December 15, 2023 – January 30, 2024
Online
The Carolee Schneemann Foundation and EAI are pleased to offer three programs of film and video available for free screening online from December 15, 2023–January 30, 2024.
Carolee Schneemann’s films—including Fuses (1964–67), Viet-Flakes (1965), Plumb Line (1971)—are heralded as classics of the postwar avant-garde film movement in their radical deconstruction of the role of the performer, their presentation of the female body, and their blurring of the distinctions between documentary and fiction. They subvert and transcend the tropes of conventional cinema and defy expectations of the avant-garde film through their presentation of the personal, the ecstatic, and pressing social issues. When she shifted from celluloid to video in the late 1970s, Schneemann continued to push against the expectations of the medium with single-channel video works and more elaborate video installations, from Up To and Including Her Limits (1973–76) to Devour (2003–04), that explore themes of gender and sexuality, identity and subjectivity, and war.
CSF and EAI have invited the Estate of Ellen Cantor, Cheryl Donegan, the Estate of Barbara Hammer, Ken Jacobs, Joan Jonas, Andrew Lampert, Walid Raad, Martha Rosler, and the Hannah Wilke Collection & Archive to present work in dialogue with three strands of Schneemann’s moving-image work: antiwar films and videos, sex and images of the body, and winter celebrations. These strands overlap freely, as Kenneth White explores in his essay “Hello, Darkness,” also published on EAI’s website.
The presentation complements Schneemann’s exhibition Of Course You Can / Don’t You Dare at PPOW (392 Broadway) through January 20, 2024.
“The grotesque fulfillment of the Western split between matter and spirit, mind and body, individualized ‘man’ against cosmic natural unities. Destruction so vast as to become randomized, constant as weather.” (Carolee Schneemann, More than Meat Joy, 1979)
“I need to combine what is most ecstatic and what is most disturbing when I’m working with a source of social political conflict. There’s always an ambiguity that I want to really tear you apart. I want you to feel and hear this ecstatic moment that is then blown apart and shredded and chopped up and disturbed.” (Carolee Schneemann, interviewed in 2018, published in From Then and Beyond, 2022)

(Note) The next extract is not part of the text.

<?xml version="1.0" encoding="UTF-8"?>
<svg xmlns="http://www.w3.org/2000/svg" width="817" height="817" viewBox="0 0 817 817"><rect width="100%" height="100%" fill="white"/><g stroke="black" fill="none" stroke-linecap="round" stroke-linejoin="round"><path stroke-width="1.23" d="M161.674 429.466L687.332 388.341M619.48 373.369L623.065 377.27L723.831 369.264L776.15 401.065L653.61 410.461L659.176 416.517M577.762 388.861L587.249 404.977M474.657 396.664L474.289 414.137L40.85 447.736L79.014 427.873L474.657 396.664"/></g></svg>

Carolee Schneemann: Viet-Flakes (1962–67), Snows (1969/2009), Souvenir of Lebanon (1983/2006), Devour (2003–04)
Martha Rosler: If it’s too bad to be true, it could be DISINFORMATION (1985)
Barbara Hammer: Our Grief Is Not a Cry for War (2001)
Walid Raad, Souheil Bachar: Hostage: The Bachar Tapes (English Version) (2001) (Courtesy of Video Data Bank)
Ken Jacobs: America at War (2011)
“Art can be an area where we dismantle taboos, constraints of perception, materials, structure. … These films personally and determinedly manifest aspects of our own sexual vision apart from, and in resistance to, those values inherited from masculine sexual visions. We are not Muse, whore, sexual object, or an ideality. We take the forbidden camera into our own hands. We are not actresses extending or sustaining anyone’s image of what is ‘female.’ Each of these films demonstrates concrete experience, the lived-life, not an invented, fantasized sexuality.” (Carolee Schneemann, introducing Fuses at Telluride Film Festival, September 4, 1977)
Carolee Schneemann: Fuses (1964–67), Interior Scroll—The Cave (1995), Infinity Kisses—The Movie (2008)
Barbara Hammer: Dyketactics (1974)
Hannah Wilke: Hannah Wilke Through the Large Glass (1976)
Ellen Cantor: Madame Bovary’s Revenge (The Lovers) (1995)
Cheryl Donegan: Refuses (2006)
December 20, 1959
SNOW, best so far
wake to white which J. promised! Finish tree
moving thru tinsel. Hare leaping in snow
J. reads Stein “First Reader” and others
so nice under tree
(Carolee Schneemann, diary entry, 1959)
Carolee Schneemann: Carl Ruggles’ Christmas Breakfast (1963), Americana I Ching Apple Pie (2007), Pinea Silva: Lost Meanings of the Christmas Tree (2012)
Joan Jonas: Wind (1968)
Andrew Lampert: Some December (2011)
The Carolee Schneemann Foundation is dedicated to preserving and promoting the legacy of Carolee Schneemann (1939–2019). Established by the artist in 2013, the Foundation advances the understanding of Schneemann’s work through scholarship, exhibitions, and publications. Over the next few years, the Foundation will establish a residency program at Schneemann’s home in upstate New York in order to support artists whose work shares Schneemann’s commitment to new methods of aesthetic experimentation.